Only a number is wanted: how many lines in these records contain the word "normal"?
═══ Dataset extract ═══
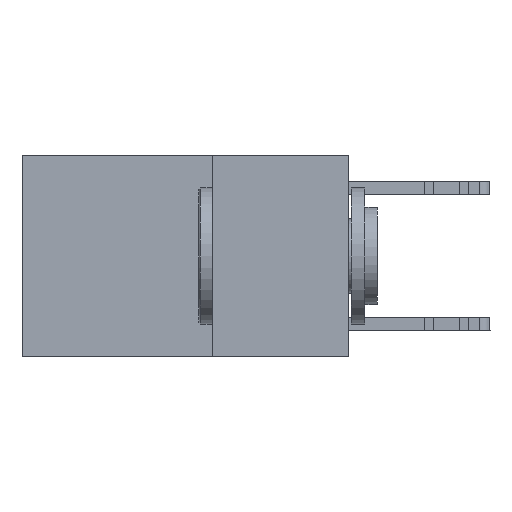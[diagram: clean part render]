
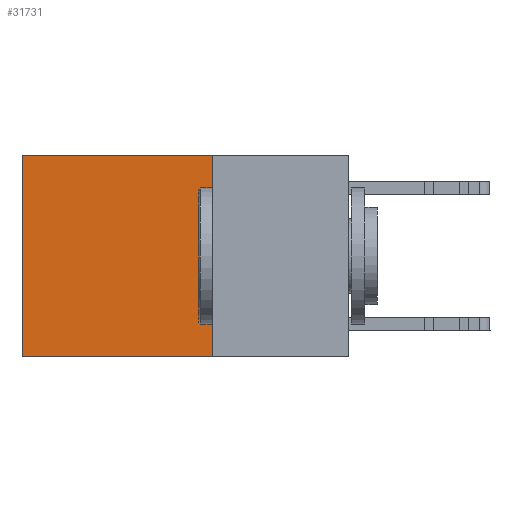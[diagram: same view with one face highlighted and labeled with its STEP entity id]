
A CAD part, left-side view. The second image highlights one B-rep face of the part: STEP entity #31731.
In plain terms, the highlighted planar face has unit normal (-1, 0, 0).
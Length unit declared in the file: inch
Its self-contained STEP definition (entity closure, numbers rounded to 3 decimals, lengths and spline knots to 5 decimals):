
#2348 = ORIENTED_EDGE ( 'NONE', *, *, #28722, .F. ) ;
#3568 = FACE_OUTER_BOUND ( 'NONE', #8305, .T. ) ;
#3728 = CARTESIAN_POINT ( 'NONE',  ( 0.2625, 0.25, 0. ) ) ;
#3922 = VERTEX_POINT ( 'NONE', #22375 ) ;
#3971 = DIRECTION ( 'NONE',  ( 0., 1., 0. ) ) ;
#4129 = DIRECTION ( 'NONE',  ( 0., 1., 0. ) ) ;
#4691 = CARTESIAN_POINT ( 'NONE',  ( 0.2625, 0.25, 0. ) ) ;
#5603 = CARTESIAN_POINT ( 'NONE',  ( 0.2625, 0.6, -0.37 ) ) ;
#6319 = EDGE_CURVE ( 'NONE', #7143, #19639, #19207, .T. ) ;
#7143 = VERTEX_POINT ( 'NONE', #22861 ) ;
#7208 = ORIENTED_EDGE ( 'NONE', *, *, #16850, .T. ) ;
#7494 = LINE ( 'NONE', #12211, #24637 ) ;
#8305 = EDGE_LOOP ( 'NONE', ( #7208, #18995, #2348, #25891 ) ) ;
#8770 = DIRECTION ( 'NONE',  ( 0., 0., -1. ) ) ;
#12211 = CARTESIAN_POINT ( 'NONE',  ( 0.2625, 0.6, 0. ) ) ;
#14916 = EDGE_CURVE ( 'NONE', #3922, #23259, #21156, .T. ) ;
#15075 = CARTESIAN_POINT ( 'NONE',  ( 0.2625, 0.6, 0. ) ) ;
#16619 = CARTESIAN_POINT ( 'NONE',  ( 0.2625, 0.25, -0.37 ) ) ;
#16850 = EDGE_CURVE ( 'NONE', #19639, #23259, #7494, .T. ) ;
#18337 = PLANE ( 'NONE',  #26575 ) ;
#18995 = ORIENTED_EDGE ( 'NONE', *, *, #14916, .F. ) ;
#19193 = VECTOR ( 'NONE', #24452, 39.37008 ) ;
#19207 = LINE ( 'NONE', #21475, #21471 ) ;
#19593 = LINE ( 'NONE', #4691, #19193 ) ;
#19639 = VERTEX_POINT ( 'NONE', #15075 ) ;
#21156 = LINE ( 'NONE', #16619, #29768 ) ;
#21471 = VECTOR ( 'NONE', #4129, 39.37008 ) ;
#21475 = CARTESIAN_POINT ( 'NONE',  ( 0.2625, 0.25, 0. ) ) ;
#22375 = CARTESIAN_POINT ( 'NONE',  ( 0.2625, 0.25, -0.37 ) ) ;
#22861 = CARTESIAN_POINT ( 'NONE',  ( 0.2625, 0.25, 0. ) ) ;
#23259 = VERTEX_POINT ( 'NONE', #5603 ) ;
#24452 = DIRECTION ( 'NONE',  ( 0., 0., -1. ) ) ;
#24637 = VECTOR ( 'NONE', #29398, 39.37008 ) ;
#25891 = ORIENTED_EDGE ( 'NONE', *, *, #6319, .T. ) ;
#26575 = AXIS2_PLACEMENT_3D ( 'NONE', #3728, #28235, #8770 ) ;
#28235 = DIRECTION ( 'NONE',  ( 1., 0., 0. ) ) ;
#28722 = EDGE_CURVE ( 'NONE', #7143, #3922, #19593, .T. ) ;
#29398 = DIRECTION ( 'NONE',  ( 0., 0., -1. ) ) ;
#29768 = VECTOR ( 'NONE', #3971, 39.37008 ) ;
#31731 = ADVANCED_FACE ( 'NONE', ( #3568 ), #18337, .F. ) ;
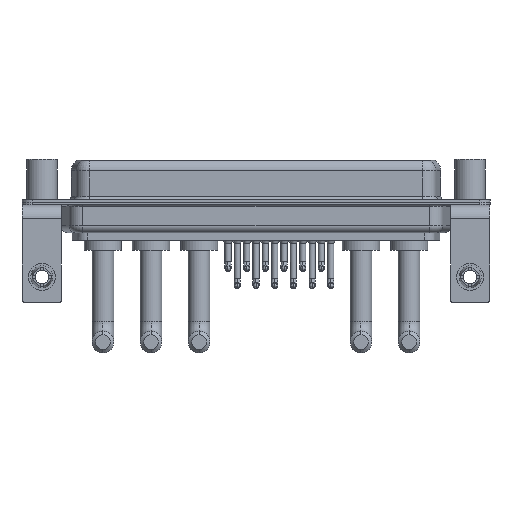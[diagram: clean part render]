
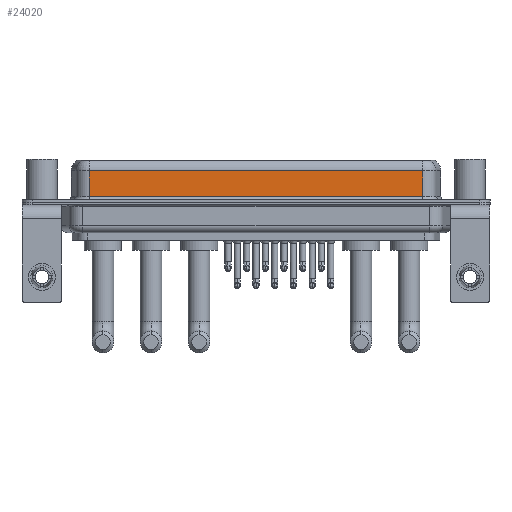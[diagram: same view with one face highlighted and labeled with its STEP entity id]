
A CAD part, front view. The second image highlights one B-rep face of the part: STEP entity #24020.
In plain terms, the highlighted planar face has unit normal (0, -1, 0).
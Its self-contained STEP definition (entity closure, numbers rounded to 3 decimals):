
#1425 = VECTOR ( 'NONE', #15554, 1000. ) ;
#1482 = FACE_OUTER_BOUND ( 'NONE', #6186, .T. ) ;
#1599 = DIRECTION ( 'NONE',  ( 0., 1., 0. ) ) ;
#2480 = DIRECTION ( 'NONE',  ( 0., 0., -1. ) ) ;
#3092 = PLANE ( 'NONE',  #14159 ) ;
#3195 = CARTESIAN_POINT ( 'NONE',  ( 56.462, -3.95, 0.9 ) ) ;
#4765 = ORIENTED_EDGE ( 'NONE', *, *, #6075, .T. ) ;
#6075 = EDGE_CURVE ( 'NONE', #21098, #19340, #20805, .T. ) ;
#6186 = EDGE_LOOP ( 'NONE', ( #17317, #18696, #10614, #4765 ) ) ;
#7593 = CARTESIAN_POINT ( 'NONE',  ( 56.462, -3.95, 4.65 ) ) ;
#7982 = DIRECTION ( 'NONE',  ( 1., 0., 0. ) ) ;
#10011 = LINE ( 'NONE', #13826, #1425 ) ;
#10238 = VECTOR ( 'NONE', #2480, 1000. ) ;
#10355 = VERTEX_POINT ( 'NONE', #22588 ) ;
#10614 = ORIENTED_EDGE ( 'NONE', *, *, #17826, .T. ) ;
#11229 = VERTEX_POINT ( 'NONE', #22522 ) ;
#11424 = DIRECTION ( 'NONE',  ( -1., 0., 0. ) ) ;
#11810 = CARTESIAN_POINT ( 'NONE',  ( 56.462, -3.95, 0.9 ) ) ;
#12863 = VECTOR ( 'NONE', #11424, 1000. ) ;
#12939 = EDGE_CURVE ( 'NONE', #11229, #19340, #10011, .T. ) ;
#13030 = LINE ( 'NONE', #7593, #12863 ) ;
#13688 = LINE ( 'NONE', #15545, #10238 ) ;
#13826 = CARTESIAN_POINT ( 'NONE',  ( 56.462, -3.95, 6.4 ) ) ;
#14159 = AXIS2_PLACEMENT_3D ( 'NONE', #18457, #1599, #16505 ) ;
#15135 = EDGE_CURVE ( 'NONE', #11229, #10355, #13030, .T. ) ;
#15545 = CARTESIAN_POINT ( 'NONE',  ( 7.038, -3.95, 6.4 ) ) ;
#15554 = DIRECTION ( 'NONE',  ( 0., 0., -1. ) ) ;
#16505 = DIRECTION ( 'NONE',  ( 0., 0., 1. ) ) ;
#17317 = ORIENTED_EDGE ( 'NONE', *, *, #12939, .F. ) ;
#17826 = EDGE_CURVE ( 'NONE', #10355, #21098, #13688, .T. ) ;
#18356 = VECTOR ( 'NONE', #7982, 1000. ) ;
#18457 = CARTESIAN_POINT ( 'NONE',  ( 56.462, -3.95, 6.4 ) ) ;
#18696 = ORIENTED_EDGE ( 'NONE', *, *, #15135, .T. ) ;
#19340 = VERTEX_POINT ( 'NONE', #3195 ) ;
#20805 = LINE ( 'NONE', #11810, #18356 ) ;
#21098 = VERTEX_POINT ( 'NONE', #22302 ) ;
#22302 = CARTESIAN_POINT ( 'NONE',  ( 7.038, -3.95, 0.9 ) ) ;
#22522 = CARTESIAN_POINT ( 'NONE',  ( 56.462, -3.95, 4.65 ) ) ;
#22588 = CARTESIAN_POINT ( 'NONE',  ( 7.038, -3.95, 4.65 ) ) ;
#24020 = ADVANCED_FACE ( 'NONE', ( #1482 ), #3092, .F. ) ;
═══
## Result of this task
2